Hanson showed that the technology is useful for diagnosing chronic sinusitis and pneumonia, and other researchers proved that the noses can distinguish asthmatic patients from healthy ones.
And the noses don't just analyze breath. Some can also sniff out infections in urine, blood and other bodily fluids. A team of British scientists, for instance, used electronic noses to pinpoint antibiotic-resistant bacteria in the nasal swabs of hospital patients.
Combine these feats with the fact that artificial noses are faster, cheaper and less invasive than many other diagnostic tests, and it is easy to understand why physicians find the technology appealing. Erzurum says it could make a dramatic difference in the success of treatments, paving the way for early detection of lung cancer and other diseases.

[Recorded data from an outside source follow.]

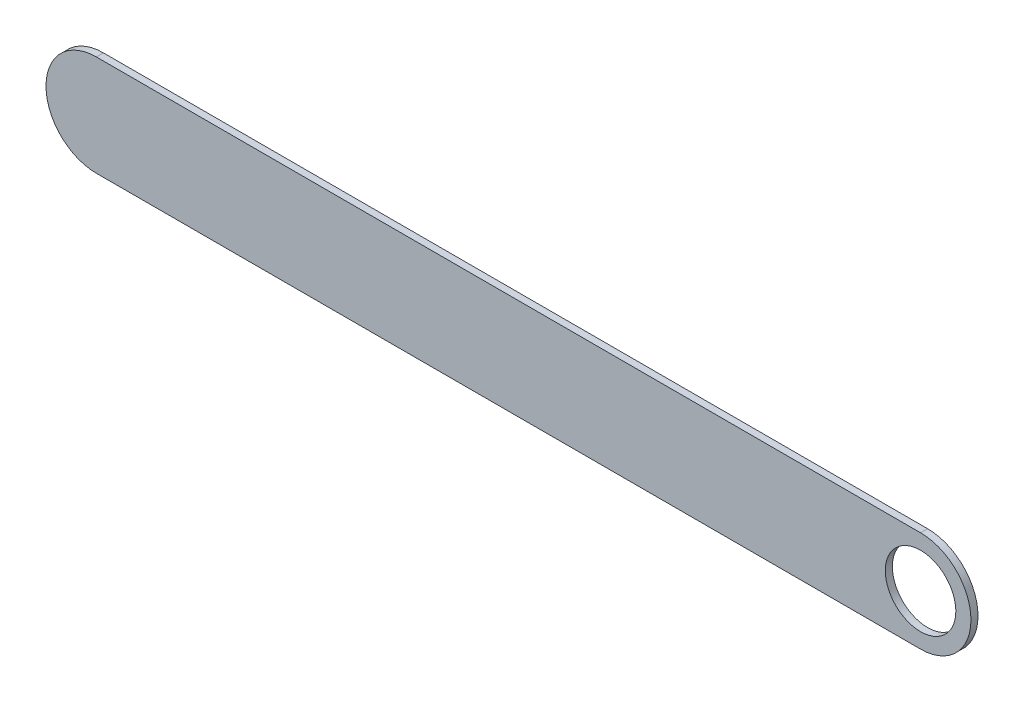
ISO-10303-21;
HEADER;
FILE_DESCRIPTION(('STEP AP214'),'2;1');
FILE_NAME('part.step','',(''),(''),'','','');
FILE_SCHEMA(('AUTOMOTIVE_DESIGN { 1 0 10303 214 1 1 1 1 }'));
ENDSEC;
DATA;
#1=APPLICATION_CONTEXT('core data for automotive mechanical design processes');
#2=APPLICATION_PROTOCOL_DEFINITION('international standard','automotive_design',2000,#1);
#3=PRODUCT_CONTEXT('',#1,'mechanical');
#4=PRODUCT('Part','Part','',(#3));
#5=PRODUCT_RELATED_PRODUCT_CATEGORY('part','',(#4));
#6=PRODUCT_DEFINITION_FORMATION('','',#4);
#7=PRODUCT_DEFINITION_CONTEXT('part definition',#1,'design');
#8=PRODUCT_DEFINITION('design','',#6,#7);
#9=PRODUCT_DEFINITION_SHAPE('','',#8);
#10=(LENGTH_UNIT() NAMED_UNIT(*) SI_UNIT(.MILLI.,.METRE.));
#11=(NAMED_UNIT(*) PLANE_ANGLE_UNIT() SI_UNIT($,.RADIAN.));
#12=(NAMED_UNIT(*) SI_UNIT($,.STERADIAN.) SOLID_ANGLE_UNIT());
#13=UNCERTAINTY_MEASURE_WITH_UNIT(LENGTH_MEASURE(1.E-05),#10,'distance_accuracy_value','');
#14=(GEOMETRIC_REPRESENTATION_CONTEXT(3) GLOBAL_UNCERTAINTY_ASSIGNED_CONTEXT((#13)) GLOBAL_UNIT_ASSIGNED_CONTEXT((#10,
#11,#12)) REPRESENTATION_CONTEXT('',''));
#15=CARTESIAN_POINT('',(0.,0.,0.));
#16=DIRECTION('',(0.,0.,1.));
#17=DIRECTION('',(1.,0.,0.));
#18=AXIS2_PLACEMENT_3D('',#15,#16,#17);
#19=CARTESIAN_POINT('',(116.26,-55.31,-0.045));
#20=DIRECTION('',(0.,0.,-1.));
#21=DIRECTION('',(0.,-1.,0.));
#22=AXIS2_PLACEMENT_3D('',#19,#20,#21);
#23=CYLINDRICAL_SURFACE('',#22,0.175);
#24=CARTESIAN_POINT('',(116.26,-55.31,1.6));
#25=DIRECTION('',(0.,0.,-1.));
#26=DIRECTION('',(0.,-1.,0.));
#27=AXIS2_PLACEMENT_3D('',#24,#25,#26);
#28=CIRCLE('',#27,0.175);
#29=CARTESIAN_POINT('',(116.26,-55.485,1.6));
#30=VERTEX_POINT('',#29);
#31=EDGE_CURVE('E124',#30,#30,#28,.T.);
#32=ORIENTED_EDGE('',*,*,#31,.T.);
#33=DIRECTION('',(0.,0.,1.));
#34=VECTOR('',#33,1.);
#35=CARTESIAN_POINT('',(116.26,-55.485,-0.045));
#36=LINE('',#35,#34);
#37=CARTESIAN_POINT('',(116.26,-55.485,1.635));
#38=VERTEX_POINT('',#37);
#39=EDGE_CURVE('E11',#30,#38,#36,.T.);
#40=ORIENTED_EDGE('',*,*,#39,.T.);
#41=CARTESIAN_POINT('',(116.26,-55.31,1.635));
#42=DIRECTION('',(0.,0.,-1.));
#43=DIRECTION('',(0.,-1.,0.));
#44=AXIS2_PLACEMENT_3D('',#41,#42,#43);
#45=CIRCLE('',#44,0.175);
#46=EDGE_CURVE('E26',#38,#38,#45,.T.);
#47=ORIENTED_EDGE('',*,*,#46,.F.);
#48=ORIENTED_EDGE('',*,*,#39,.F.);
#49=EDGE_LOOP('',(#32,#40,#47,#48));
#50=FACE_BOUND('',#49,.T.);
#51=ADVANCED_FACE('F17',(#50),#23,.F.);
#52=CARTESIAN_POINT('',(116.26,-55.06,1.6));
#53=DIRECTION('',(0.,-1.,0.));
#54=DIRECTION('',(0.,0.,-1.));
#55=AXIS2_PLACEMENT_3D('',#52,#53,#54);
#56=PLANE('',#55);
#57=DIRECTION('',(-1.,0.,0.));
#58=VECTOR('',#57,1.);
#59=CARTESIAN_POINT('',(116.26,-55.06,1.6));
#60=LINE('',#59,#58);
#61=CARTESIAN_POINT('',(116.26,-55.06,1.6));
#62=VERTEX_POINT('',#61);
#63=CARTESIAN_POINT('',(112.17,-55.06,1.6));
#64=VERTEX_POINT('',#63);
#65=EDGE_CURVE('E76',#62,#64,#60,.T.);
#66=ORIENTED_EDGE('',*,*,#65,.T.);
#67=DIRECTION('',(0.,0.,1.));
#68=VECTOR('',#67,1.);
#69=CARTESIAN_POINT('',(112.17,-55.06,1.6));
#70=LINE('',#69,#68);
#71=CARTESIAN_POINT('',(112.17,-55.06,1.635));
#72=VERTEX_POINT('',#71);
#73=EDGE_CURVE('E100',#64,#72,#70,.T.);
#74=ORIENTED_EDGE('',*,*,#73,.T.);
#75=DIRECTION('',(-1.,0.,0.));
#76=VECTOR('',#75,1.);
#77=CARTESIAN_POINT('',(116.26,-55.06,1.635));
#78=LINE('',#77,#76);
#79=CARTESIAN_POINT('',(116.26,-55.06,1.635));
#80=VERTEX_POINT('',#79);
#81=EDGE_CURVE('E20',#80,#72,#78,.T.);
#82=ORIENTED_EDGE('',*,*,#81,.F.);
#83=DIRECTION('',(0.,0.,1.));
#84=VECTOR('',#83,1.);
#85=CARTESIAN_POINT('',(116.26,-55.06,1.6));
#86=LINE('',#85,#84);
#87=EDGE_CURVE('E99',#62,#80,#86,.T.);
#88=ORIENTED_EDGE('',*,*,#87,.F.);
#89=EDGE_LOOP('',(#66,#74,#82,#88));
#90=FACE_BOUND('',#89,.T.);
#91=ADVANCED_FACE('F142',(#90),#56,.F.);
#92=CARTESIAN_POINT('',(112.17,-55.56,1.635));
#93=DIRECTION('',(0.,0.,1.));
#94=DIRECTION('',(1.,0.,0.));
#95=AXIS2_PLACEMENT_3D('',#92,#93,#94);
#96=PLANE('',#95);
#97=ORIENTED_EDGE('',*,*,#46,.T.);
#98=EDGE_LOOP('',(#97));
#99=FACE_BOUND('',#98,.T.);
#100=DIRECTION('',(1.,0.,0.));
#101=VECTOR('',#100,1.);
#102=CARTESIAN_POINT('',(112.17,-55.56,1.635));
#103=LINE('',#102,#101);
#104=CARTESIAN_POINT('',(112.17,-55.56,1.635));
#105=VERTEX_POINT('',#104);
#106=CARTESIAN_POINT('',(116.26,-55.56,1.635));
#107=VERTEX_POINT('',#106);
#108=EDGE_CURVE('E110',#105,#107,#103,.T.);
#109=ORIENTED_EDGE('',*,*,#108,.T.);
#110=CARTESIAN_POINT('',(116.26,-55.31,1.635));
#111=DIRECTION('',(0.,0.,1.));
#112=DIRECTION('',(0.,-1.,0.));
#113=AXIS2_PLACEMENT_3D('',#110,#111,#112);
#114=CIRCLE('',#113,0.25);
#115=EDGE_CURVE('E105',#107,#80,#114,.T.);
#116=ORIENTED_EDGE('',*,*,#115,.T.);
#117=ORIENTED_EDGE('',*,*,#81,.T.);
#118=CARTESIAN_POINT('',(112.17,-55.31,1.635));
#119=DIRECTION('',(0.,0.,1.));
#120=DIRECTION('',(0.,1.,0.));
#121=AXIS2_PLACEMENT_3D('',#118,#119,#120);
#122=CIRCLE('',#121,0.25);
#123=EDGE_CURVE('E120',#72,#105,#122,.T.);
#124=ORIENTED_EDGE('',*,*,#123,.T.);
#125=EDGE_LOOP('',(#109,#116,#117,#124));
#126=FACE_BOUND('',#125,.T.);
#127=ADVANCED_FACE('F214',(#99,#126),#96,.T.);
#128=CARTESIAN_POINT('',(112.17,-55.56,1.6));
#129=DIRECTION('',(0.,0.,1.));
#130=DIRECTION('',(1.,0.,0.));
#131=AXIS2_PLACEMENT_3D('',#128,#129,#130);
#132=PLANE('',#131);
#133=ORIENTED_EDGE('',*,*,#31,.F.);
#134=EDGE_LOOP('',(#133));
#135=FACE_BOUND('',#134,.T.);
#136=CARTESIAN_POINT('',(112.17,-55.31,1.6));
#137=DIRECTION('',(0.,0.,1.));
#138=DIRECTION('',(0.,1.,0.));
#139=AXIS2_PLACEMENT_3D('',#136,#137,#138);
#140=CIRCLE('',#139,0.25);
#141=CARTESIAN_POINT('',(112.17,-55.56,1.6));
#142=VERTEX_POINT('',#141);
#143=EDGE_CURVE('E86',#64,#142,#140,.T.);
#144=ORIENTED_EDGE('',*,*,#143,.F.);
#145=ORIENTED_EDGE('',*,*,#65,.F.);
#146=CARTESIAN_POINT('',(116.26,-55.31,1.6));
#147=DIRECTION('',(0.,0.,1.));
#148=DIRECTION('',(0.,-1.,0.));
#149=AXIS2_PLACEMENT_3D('',#146,#147,#148);
#150=CIRCLE('',#149,0.25);
#151=CARTESIAN_POINT('',(116.26,-55.56,1.6));
#152=VERTEX_POINT('',#151);
#153=EDGE_CURVE('E91',#152,#62,#150,.T.);
#154=ORIENTED_EDGE('',*,*,#153,.F.);
#155=DIRECTION('',(1.,0.,0.));
#156=VECTOR('',#155,1.);
#157=CARTESIAN_POINT('',(112.17,-55.56,1.6));
#158=LINE('',#157,#156);
#159=EDGE_CURVE('E95',#142,#152,#158,.T.);
#160=ORIENTED_EDGE('',*,*,#159,.F.);
#161=EDGE_LOOP('',(#144,#145,#154,#160));
#162=FACE_BOUND('',#161,.T.);
#163=ADVANCED_FACE('F93',(#135,#162),#132,.F.);
#164=CARTESIAN_POINT('',(116.26,-55.31,1.6));
#165=DIRECTION('',(0.,0.,-1.));
#166=DIRECTION('',(0.,-1.,0.));
#167=AXIS2_PLACEMENT_3D('',#164,#165,#166);
#168=CYLINDRICAL_SURFACE('',#167,0.25);
#169=ORIENTED_EDGE('',*,*,#153,.T.);
#170=ORIENTED_EDGE('',*,*,#87,.T.);
#171=ORIENTED_EDGE('',*,*,#115,.F.);
#172=DIRECTION('',(0.,0.,1.));
#173=VECTOR('',#172,1.);
#174=CARTESIAN_POINT('',(116.26,-55.56,1.6));
#175=LINE('',#174,#173);
#176=EDGE_CURVE('E103',#152,#107,#175,.T.);
#177=ORIENTED_EDGE('',*,*,#176,.F.);
#178=EDGE_LOOP('',(#169,#170,#171,#177));
#179=FACE_BOUND('',#178,.T.);
#180=ADVANCED_FACE('F104',(#179),#168,.T.);
#181=CARTESIAN_POINT('',(112.17,-55.31,1.6));
#182=DIRECTION('',(0.,0.,-1.));
#183=DIRECTION('',(0.,1.,0.));
#184=AXIS2_PLACEMENT_3D('',#181,#182,#183);
#185=CYLINDRICAL_SURFACE('',#184,0.25);
#186=ORIENTED_EDGE('',*,*,#143,.T.);
#187=DIRECTION('',(0.,0.,1.));
#188=VECTOR('',#187,1.);
#189=CARTESIAN_POINT('',(112.17,-55.56,1.6));
#190=LINE('',#189,#188);
#191=EDGE_CURVE('E113',#142,#105,#190,.T.);
#192=ORIENTED_EDGE('',*,*,#191,.T.);
#193=ORIENTED_EDGE('',*,*,#123,.F.);
#194=ORIENTED_EDGE('',*,*,#73,.F.);
#195=EDGE_LOOP('',(#186,#192,#193,#194));
#196=FACE_BOUND('',#195,.T.);
#197=ADVANCED_FACE('F144',(#196),#185,.T.);
#198=CARTESIAN_POINT('',(112.17,-55.56,1.6));
#199=DIRECTION('',(0.,1.,0.));
#200=DIRECTION('',(1.,0.,0.));
#201=AXIS2_PLACEMENT_3D('',#198,#199,#200);
#202=PLANE('',#201);
#203=ORIENTED_EDGE('',*,*,#159,.T.);
#204=ORIENTED_EDGE('',*,*,#176,.T.);
#205=ORIENTED_EDGE('',*,*,#108,.F.);
#206=ORIENTED_EDGE('',*,*,#191,.F.);
#207=EDGE_LOOP('',(#203,#204,#205,#206));
#208=FACE_BOUND('',#207,.T.);
#209=ADVANCED_FACE('F112',(#208),#202,.F.);
#210=CLOSED_SHELL('',(#51,#91,#127,#163,#180,#197,#209));
#211=MANIFOLD_SOLID_BREP('B1',#210);
#212=ADVANCED_BREP_SHAPE_REPRESENTATION('',(#18,#211),#14);
#213=SHAPE_DEFINITION_REPRESENTATION(#9,#212);
ENDSEC;
END-ISO-10303-21;

"Some of the newer nose technologies are very portable," Hanson says. "They're suitable to being taken to the bedside and being handheld. You can imagine a patient breathing into one of these and getting a fast, inexpensive answer to a question you might have."
Scientists who have tested the noses envision a time in the not-too-distant future when a patient with, say, the sniffles can go to the doctor, breathe into an electronic nose, and know in a matter of minutes whether he or she has a sinus infection and needs antibiotics.
But Walt says there is still a long way to go before this scenario becomes a reality. "I've yet to be convinced,'' he says, "that there's [now] a working version of an artificial nose out there that can consistently do this."
Though far from perfect, Hanson says, the current technology can be used as a screening tool to flag patients who should undergo more advanced testing.
A number of companies manufacture electronic noses that detect explosives and other dangerous compounds, but the technology is not yet widely used in medicine. The Food and Drug Administration (FDA) has approved an electronic nose that can detect urinary tract infections, but has yet to approve one for breath analysis or other medical uses.
"It's a field that's simmering," Hanson says. "It's just waiting for somebody with deep pockets to come up with the money and focused effort to develop these noses commercially."